Reproduce word for word the lines from the beginning of the entries to the line with "Constant3 : xbsIndex_r4/Constant", both included, but none of the pictures.

Input for this task –
§
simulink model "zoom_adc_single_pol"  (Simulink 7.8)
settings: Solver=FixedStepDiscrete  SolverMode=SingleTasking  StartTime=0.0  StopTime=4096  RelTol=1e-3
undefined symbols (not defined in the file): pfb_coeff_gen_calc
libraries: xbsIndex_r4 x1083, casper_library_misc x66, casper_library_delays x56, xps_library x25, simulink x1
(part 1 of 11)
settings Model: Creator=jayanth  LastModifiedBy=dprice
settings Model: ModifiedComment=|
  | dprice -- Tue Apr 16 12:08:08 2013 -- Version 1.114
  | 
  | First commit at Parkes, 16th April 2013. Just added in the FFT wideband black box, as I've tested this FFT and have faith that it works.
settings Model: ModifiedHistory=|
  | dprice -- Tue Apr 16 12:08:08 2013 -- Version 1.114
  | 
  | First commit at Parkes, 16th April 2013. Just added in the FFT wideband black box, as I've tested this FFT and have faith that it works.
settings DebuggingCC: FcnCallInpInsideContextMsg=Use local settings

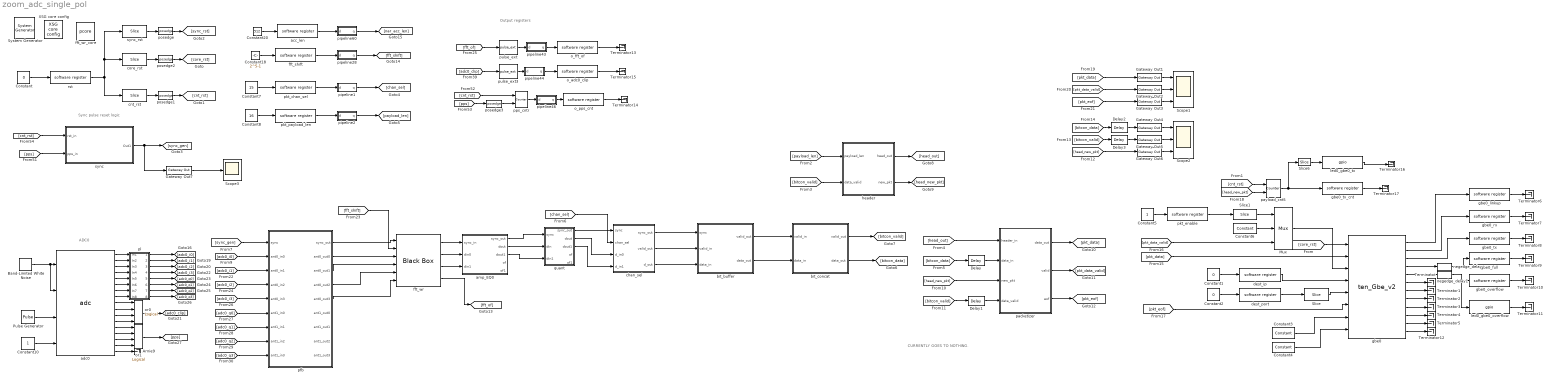
== system zoom_adc_single_pol ==
  note: Sync pulse reset logic
  note: CURRENTLY GOES TO NOTHING.
  note: ADC0
  note: Output registers
  " System Generator" : xbsIndex_r4/ System Generator  Tag=genX  xilinxfamily=virtex5  part=xc5vsx95t  speed=-1  package=ff1136  synthesis_tool=XST  clock_wrapper=Clock Enables  directory=./zoom_adc_single_pol/sysgen  proj_type=Project Navigator  Synth_file=XST Defaults  Impl_file=ISE Defaults  testbench=off  simulink_period=1  sysclk_period=5  dcm_input_clock_period=100  incr_netlist=off  trim_vbits=Everywhere in SubSystem  dbl_ovrd=According to Block Masks  core_generation=According to Block Masks  run_coregen=off  deprecated_control=off  eval_field=0  block_type=sysgen
  Arnie9 : Terminator
  Band-Limited White Noise : simulink/Sources/Band-Limited White Noise  Cov=[0.1]  Ts=0.1  seed=[23341]
  Constant : Constant  Value=0
  Constant1 : Constant  Value=0
  Constant10 : Constant
  Constant18 : Constant  Value=2^5-1
  Constant2 : Constant  Value=0
  Constant20 : Constant  Value=512
  Constant3 : xbsIndex_r4/Constant  const=1  gui_display_data_type=Boolean  arith_type=Boolean  n_bits=16  bin_pt=14  preci_type=Single  exp_width=8  frac_width=24  explicit_period=on  period=1  equ=P=C  opselect=C  inp2=PCIN>>17  opr=+  inp1=P  carry=CIN  dbl_ovrd=off  block_type=constant
  Constant4 : xbsIndex_r4/Constant  const=0  gui_display_data_type=Boolean  arith_type=Boolean  n_bits=16  bin_pt=14  preci_type=Single  exp_width=8  frac_width=24  explicit_period=on  period=1  equ=P=C  opselect=C  inp2=PCIN>>17  opr=+  inp1=P  carry=CIN  dbl_ovrd=off  block_type=constant
  Constant5 : Constant
  Constant6 : xbsIndex_r4/Constant  const=0  gui_display_data_type=Boolean  arith_type=Boolean  n_bits=16  bin_pt=14  preci_type=Single  exp_width=8  frac_width=24  explicit_period=off  period=1  equ=P=C  opselect=C  inp2=PCIN>>17  opr=+  inp1=P  carry=CIN  dbl_ovrd=off  block_type=constant
  Constant7 : Constant  Value=15
  Constant8 : Constant  Value=16
  Delay{,1..3} (4 alike) : xbsIndex_r4/Delay  rst=off  infoeditControl=Selection of Reset will increase slice count due to use of real FFs and instead of SRLs  en=off  latency=1  dbl_ovrd=off  reg_retiming=off  block_type=delay
  Gateway Out{1..7} (7 alike) : xbsIndex_r4/Gateway Out  inherit_from_input=off  hdl_port=on  timing_constraint=None  locs_specified=off  LOCs={}  UseAsDAC=off  DACChannel='1'  block_type=gatewayout
      settings: infoedit="Gateway out block.  Converts Xilinx fixed-point or floating-point type inputs into ouputs of type Simulink integer, single, double, or fixed point.<br><br>Hardware notes:  In hardware these blocks become top level output ports or are discarded, depending on how they are configured."
  Mux : xbsIndex_r4/Mux  inputs=2  en=off  latency=0  precision=Full  arith_type=Unsigned  n_bits=16  bin_pt=14  quantization=Truncate  overflow=Wrap  dbl_ovrd=off  block_type=mux
  Pulse Generator : DiscretePulseGenerator  PulseType=Time based  Period=10  PulseWidth=5
  Scope1 : Scope  NumInputPorts=3
      settings: TimeRange=290.1459854014598  YMin=9.44473e+21~0~-1  YMax=3.5e+38~1~1
  Scope2 : Scope  NumInputPorts=3
      settings: TimeRange=290.1459854014598  YMin=0~0~0  YMax=1.2e+18~1~1
  Scope3 : Scope
      settings: SaveName=ScopeData6
  Slice : xbsIndex_r4/Slice  nbits=16  boolean_output=off  mode=Lower Bit Location + Width  bit1=0  base1=MSB of Input  bit0=0  base0=LSB of Input  dbl_ovrd=off  block_type=slice
  Slice1 : xbsIndex_r4/Slice  nbits=1  boolean_output=on  mode=Lower Bit Location + Width  bit1=1  base1=MSB of Input  bit0=0  base0=LSB of Input  dbl_ovrd=off  block_type=slice
      settings: block_version=10.1.3
  Slice6 : xbsIndex_r4/Slice  nbits=1  boolean_output=on  mode=Lower Bit Location + Width  bit1=0  base1=MSB of Input  bit0=15  base0=LSB of Input  dbl_ovrd=off  block_type=slice
      settings: block_version=10.1.3
  Terminator{,1..17} (18 alike) : Terminator
  XSG core config : xps_library/XSG core config  Tag=xps:xsg  hw_sys=ROACH:sx95t  ibob_linux=off  clk_src=adc0_clk  iBOB_clk_src=sys_clk  BEE2_ctrl_clk_src=sys_clk  BEE2_usr_clk_src=sys_clk  ROACH_clk_src=adc0_clk  ROACH2_clk_src=adc0_clk  CORR_clk_src=sys_clk  gpio_clk_io_group=iBOB:sma  gpio_clk_bit_index=0  clk_rate=200  sample_period=1  synthesis_tool=XST  mpc_type=powerpc440_ext
  acc_len : xps_library/software register  Tag=xps:sw_reg  io_dir=From Processor  arith_type=Unsigned  bitwidth=32  bin_pt=0  sample_period=1  gw_name=zoom_adc_single_pol_acc_len_user_data_out
      link override coarse_r01_acc_len_user_data_out: arith_type=Unsigned  n_bits=32  bin_pt=0  period=1
      link override coarse_r02_acc_len_user_data_out: arith_type=Unsigned  n_bits=32  bin_pt=0  period=1
      link override coarse_r03_acc_len_user_data_out: arith_type=Unsigned  n_bits=32  bin_pt=0  period=1
      link override coarse_r04_acc_len_user_data_out: arith_type=Unsigned  n_bits=32  bin_pt=0  period=1
      link override coarse_r06_acc_len_user_data_out: arith_type=Unsigned  n_bits=32  bin_pt=0  period=1
      link override coarse_r07_acc_len_user_data_out: arith_type=Unsigned  n_bits=32  bin_pt=0  period=1
      link override coarse_r08_acc_len_user_data_out: arith_type=Unsigned  n_bits=32  bin_pt=0  period=1
      link override coarse_r09_acc_len_user_data_out: arith_type=Unsigned  n_bits=32  bin_pt=0  period=1
      link override coarse_r10_acc_len_user_data_out: arith_type=Unsigned  n_bits=32  bin_pt=0  period=1
      link override coarse_r12_acc_len_user_data_out: arith_type=Unsigned  n_bits=32  bin_pt=0  period=1
      link override convert: arith_type=Unsigned  n_bits=32  bin_pt=0
      link override qdr_single_r01_acc_len_coarse_user_data_out: arith_type=Unsigned  n_bits=32  bin_pt=0  period=1
      link override qdr_single_r02_acc_len_coarse_user_data_out: arith_type=Unsigned  n_bits=32  bin_pt=0  period=1
      link override qdr_single_r04_acc_len_coarse_user_data_out: arith_type=Unsigned  n_bits=32  bin_pt=0  period=1
      link override r_spec_2048_r102_acc_len_user_data_out: arith_type=Unsigned  n_bits=32  bin_pt=0  period=1
      link override r_spec_2048_r102_nosim_acc_len_user_data_out: arith_type=Unsigned  n_bits=32  bin_pt=0  period=1
      link override r_spec_2048_r103_acc_len_user_data_out: arith_type=Unsigned  n_bits=32  bin_pt=0  period=1
      link override r_spec_2048_r104_acc_len_user_data_out: arith_type=Unsigned  n_bits=32  bin_pt=0  period=1
      link override r_spec_2048_r104_test0_acc_len_user_data_out: arith_type=Unsigned  n_bits=32  bin_pt=0  period=1
      link override r_spec_2048_r104_test_acc_len_user_data_out: arith_type=Unsigned  n_bits=32  bin_pt=0  period=1
      link override r_spec_2048_r105_acc_len_user_data_out: arith_type=Unsigned  n_bits=32  bin_pt=0  period=1
      link override r_spec_test0_acc_len_user_data_out: arith_type=Unsigned  n_bits=32  bin_pt=0  period=1
      link override r_spec_test4_acc_len_user_data_out: arith_type=Unsigned  n_bits=32  bin_pt=0  period=1
      link override roach_spec_acc_len_user_data_out: arith_type=Unsigned  n_bits=32  bin_pt=0  period=1
      link override roach_spec_no10gbe_acc_len_user_data_out: arith_type=Unsigned  n_bits=32  bin_pt=0  period=1
      link override roach_spec_rst_sync_cnt_user_data_out: arith_type=Unsigned  n_bits=32  bin_pt=0  period=1
      link override toast_256ch_16bit_r02_acc_len_user_data_out: arith_type=Unsigned  n_bits=32  bin_pt=0  period=1
      link override toast_256ch_16bit_r04_acc_len_user_data_out: arith_type=Unsigned  n_bits=32  bin_pt=0  period=1
      link override toast_256ch_16bit_r05_acc_len_user_data_out: arith_type=Unsigned  n_bits=32  bin_pt=0  period=1
  adc0 : xps_library/adc  Tag=xps:adc  adc_brd=adc0  adc_clk_rate=800  adc_interleave=off  sample_period=1
  amp_EQ0 : Subsystem  mask{N=4, bram_lat=2, mult_lat=3, add_lat=2}
      mask prompts: N "number of coefficients (2^?)"; bram_lat "bram latency"; mult_lat "multiplier latency"; add_lat "adder latency"
  bit_buffer : Subsystem
  bit_concat : Subsystem
  chan_sel : Subsystem
  cnt_rst : xbsIndex_r4/Slice  nbits=1  boolean_output=on  mode=Lower Bit Location + Width  bit1=0  base1=MSB of Input  bit0=0  base0=LSB of Input  dbl_ovrd=off  block_type=slice
  core_rst : xbsIndex_r4/Slice  nbits=1  boolean_output=on  mode=Lower Bit Location + Width  bit1=0  base1=MSB of Input  bit0=1  base0=LSB of Input  dbl_ovrd=off  block_type=slice
  dest_ip : xps_library/software register  Tag=xps:sw_reg  io_dir=From Processor  arith_type=Unsigned  bitwidth=32  bin_pt=0  sample_period=1  gw_name=zoom_adc_single_pol_dest_ip_user_data_out
      link override hipsr_tgbe3_dest_ip_user_data_out: arith_type=Unsigned  n_bits=32  bin_pt=0  period=1
  dest_port : xps_library/software register  Tag=xps:sw_reg  io_dir=From Processor  arith_type=Unsigned  bitwidth=32  bin_pt=0  sample_period=1  gw_name=zoom_adc_single_pol_dest_port_user_data_out
      link override hipsr_tgbe3_dest_port_user_data_out: arith_type=Unsigned  n_bits=32  bin_pt=0  period=1
  fft_shift : xps_library/software register  Tag=xps:sw_reg  io_dir=From Processor  arith_type=Unsigned  bitwidth=32  bin_pt=0  sample_period=1  gw_name=zoom_adc_single_pol_fft_shift_user_data_out
      link override coarse_r01_acc_len_user_data_out: arith_type=Unsigned  n_bits=32  bin_pt=0  period=1
      link override coarse_r02_acc_len_user_data_out: arith_type=Unsigned  n_bits=32  bin_pt=0  period=1
      link override coarse_r03_acc_len_user_data_out: arith_type=Unsigned  n_bits=32  bin_pt=0  period=1
      link override coarse_r04_acc_len_user_data_out: arith_type=Unsigned  n_bits=32  bin_pt=0  period=1
      link override coarse_r06_acc_len_user_data_out: arith_type=Unsigned  n_bits=32  bin_pt=0  period=1
      link override coarse_r07_acc_len_user_data_out: arith_type=Unsigned  n_bits=32  bin_pt=0  period=1
      link override coarse_r08_acc_len_user_data_out: arith_type=Unsigned  n_bits=32  bin_pt=0  period=1
      link override coarse_r09_acc_len_user_data_out: arith_type=Unsigned  n_bits=32  bin_pt=0  period=1
      link override coarse_r10_acc_len_user_data_out: arith_type=Unsigned  n_bits=32  bin_pt=0  period=1
      link override coarse_r12_acc_len_user_data_out: arith_type=Unsigned  n_bits=32  bin_pt=0  period=1
      link override convert: arith_type=Unsigned  n_bits=32  bin_pt=0
      link override qdr_single_r01_acc_len_coarse_user_data_out: arith_type=Unsigned  n_bits=32  bin_pt=0  period=1
      link override qdr_single_r02_acc_len_coarse_user_data_out: arith_type=Unsigned  n_bits=32  bin_pt=0  period=1
      link override qdr_single_r04_acc_len_coarse_user_data_out: arith_type=Unsigned  n_bits=32  bin_pt=0  period=1
      link override r_spec_2048_r102_acc_len_user_data_out: arith_type=Unsigned  n_bits=32  bin_pt=0  period=1
      link override r_spec_2048_r102_nosim_acc_len_user_data_out: arith_type=Unsigned  n_bits=32  bin_pt=0  period=1
      link override r_spec_2048_r103_acc_len_user_data_out: arith_type=Unsigned  n_bits=32  bin_pt=0  period=1
      link override r_spec_2048_r104_acc_len_user_data_out: arith_type=Unsigned  n_bits=32  bin_pt=0  period=1
      link override r_spec_2048_r104_test0_acc_len_user_data_out: arith_type=Unsigned  n_bits=32  bin_pt=0  period=1
      link override r_spec_2048_r104_test_acc_len_user_data_out: arith_type=Unsigned  n_bits=32  bin_pt=0  period=1
      link override r_spec_2048_r105_acc_len_user_data_out: arith_type=Unsigned  n_bits=32  bin_pt=0  period=1
      link override r_spec_test0_acc_len_user_data_out: arith_type=Unsigned  n_bits=32  bin_pt=0  period=1
      link override r_spec_test4_acc_len_user_data_out: arith_type=Unsigned  n_bits=32  bin_pt=0  period=1
      link override roach_spec_acc_len_user_data_out: arith_type=Unsigned  n_bits=32  bin_pt=0  period=1
      link override roach_spec_no10gbe_acc_len_user_data_out: arith_type=Unsigned  n_bits=32  bin_pt=0  period=1
      link override roach_spec_rst_sync_cnt_user_data_out: arith_type=Unsigned  n_bits=32  bin_pt=0  period=1
      link override toast_256ch_16bit_r02_acc_len_user_data_out: arith_type=Unsigned  n_bits=32  bin_pt=0  period=1
      link override toast_256ch_16bit_r04_acc_len_user_data_out: arith_type=Unsigned  n_bits=32  bin_pt=0  period=1
      link override toast_256ch_16bit_r05_acc_len_user_data_out: arith_type=Unsigned  n_bits=32  bin_pt=0  period=1
  fft_wr : xbsIndex_r4/Black Box  init_code=fft_32pt_11x_core_config  sim_method=Inactive  verbose=off  block_type=blackbox2
  fft_wr_core : xps_library/pcore  Tag=xps:pcore  pcore_path=./bb/fft_32pt_11x_core/fft_32pt_11x_core.ngc
  gbe0 : xps_library/ten_Gbe_v2  Tag=xps:tengbe_v2  port=0  rx_dist_ram=off  large_frames=on  show_param=off  pre_emph=3  swing=800  fab_en=on  fab_mac=hex2dec('123456780000')  fab_ip=192*(2^24) + 168*(2^16) + 5*(2^8) + 20*(2^0)  fab_udp=10000  fab_gate=1  cpu_rx_en=on  cpu_tx_en=on
  gbe0_full : xps_library/software register  Tag=xps:sw_reg  io_dir=To Processor  arith_type=Unsigned  bitwidth=32  bin_pt=0  sample_period=1  gw_name=zoom_adc_single_pol_gbe0_full_user_data_in
      link override convert: arith_type=Unsigned  n_bits=32  bin_pt=0
  gbe0_linkup : xps_library/software register  Tag=xps:sw_reg  io_dir=To Processor  arith_type=Unsigned  bitwidth=32  bin_pt=0  sample_period=1  gw_name=zoom_adc_single_pol_gbe0_linkup_user_data_in
      link override convert: arith_type=Unsigned  n_bits=32  bin_pt=0
  gbe0_overflow : xps_library/software register  Tag=xps:sw_reg  io_dir=To Processor  arith_type=Unsigned  bitwidth=32  bin_pt=0  sample_period=1  gw_name=zoom_adc_single_pol_gbe0_overflow_user_data_in
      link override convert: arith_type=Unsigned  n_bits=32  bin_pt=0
§
Your solution –
simulink model "zoom_adc_single_pol"  (Simulink 7.8)
settings: Solver=FixedStepDiscrete  SolverMode=SingleTasking  StartTime=0.0  StopTime=4096  RelTol=1e-3
undefined symbols (not defined in the file): pfb_coeff_gen_calc
libraries: xbsIndex_r4 x1083, casper_library_misc x66, casper_library_delays x56, xps_library x25, simulink x1
(part 1 of 11)
settings Model: Creator=jayanth  LastModifiedBy=dprice
settings Model: ModifiedComment=|
  | dprice -- Tue Apr 16 12:08:08 2013 -- Version 1.114
  | 
  | First commit at Parkes, 16th April 2013. Just added in the FFT wideband black box, as I've tested this FFT and have faith that it works.
settings Model: ModifiedHistory=|
  | dprice -- Tue Apr 16 12:08:08 2013 -- Version 1.114
  | 
  | First commit at Parkes, 16th April 2013. Just added in the FFT wideband black box, as I've tested this FFT and have faith that it works.
settings DebuggingCC: FcnCallInpInsideContextMsg=Use local settings

== system zoom_adc_single_pol ==
  note: Sync pulse reset logic
  note: CURRENTLY GOES TO NOTHING.
  note: ADC0
  note: Output registers
  " System Generator" : xbsIndex_r4/ System Generator  Tag=genX  xilinxfamily=virtex5  part=xc5vsx95t  speed=-1  package=ff1136  synthesis_tool=XST  clock_wrapper=Clock Enables  directory=./zoom_adc_single_pol/sysgen  proj_type=Project Navigator  Synth_file=XST Defaults  Impl_file=ISE Defaults  testbench=off  simulink_period=1  sysclk_period=5  dcm_input_clock_period=100  incr_netlist=off  trim_vbits=Everywhere in SubSystem  dbl_ovrd=According to Block Masks  core_generation=According to Block Masks  run_coregen=off  deprecated_control=off  eval_field=0  block_type=sysgen
  Arnie9 : Terminator
  Band-Limited White Noise : simulink/Sources/Band-Limited White Noise  Cov=[0.1]  Ts=0.1  seed=[23341]
  Constant : Constant  Value=0
  Constant1 : Constant  Value=0
  Constant10 : Constant
  Constant18 : Constant  Value=2^5-1
  Constant2 : Constant  Value=0
  Constant20 : Constant  Value=512
  Constant3 : xbsIndex_r4/Constant  const=1  gui_display_data_type=Boolean  arith_type=Boolean  n_bits=16  bin_pt=14  preci_type=Single  exp_width=8  frac_width=24  explicit_period=on  period=1  equ=P=C  opselect=C  inp2=PCIN>>17  opr=+  inp1=P  carry=CIN  dbl_ovrd=off  block_type=constant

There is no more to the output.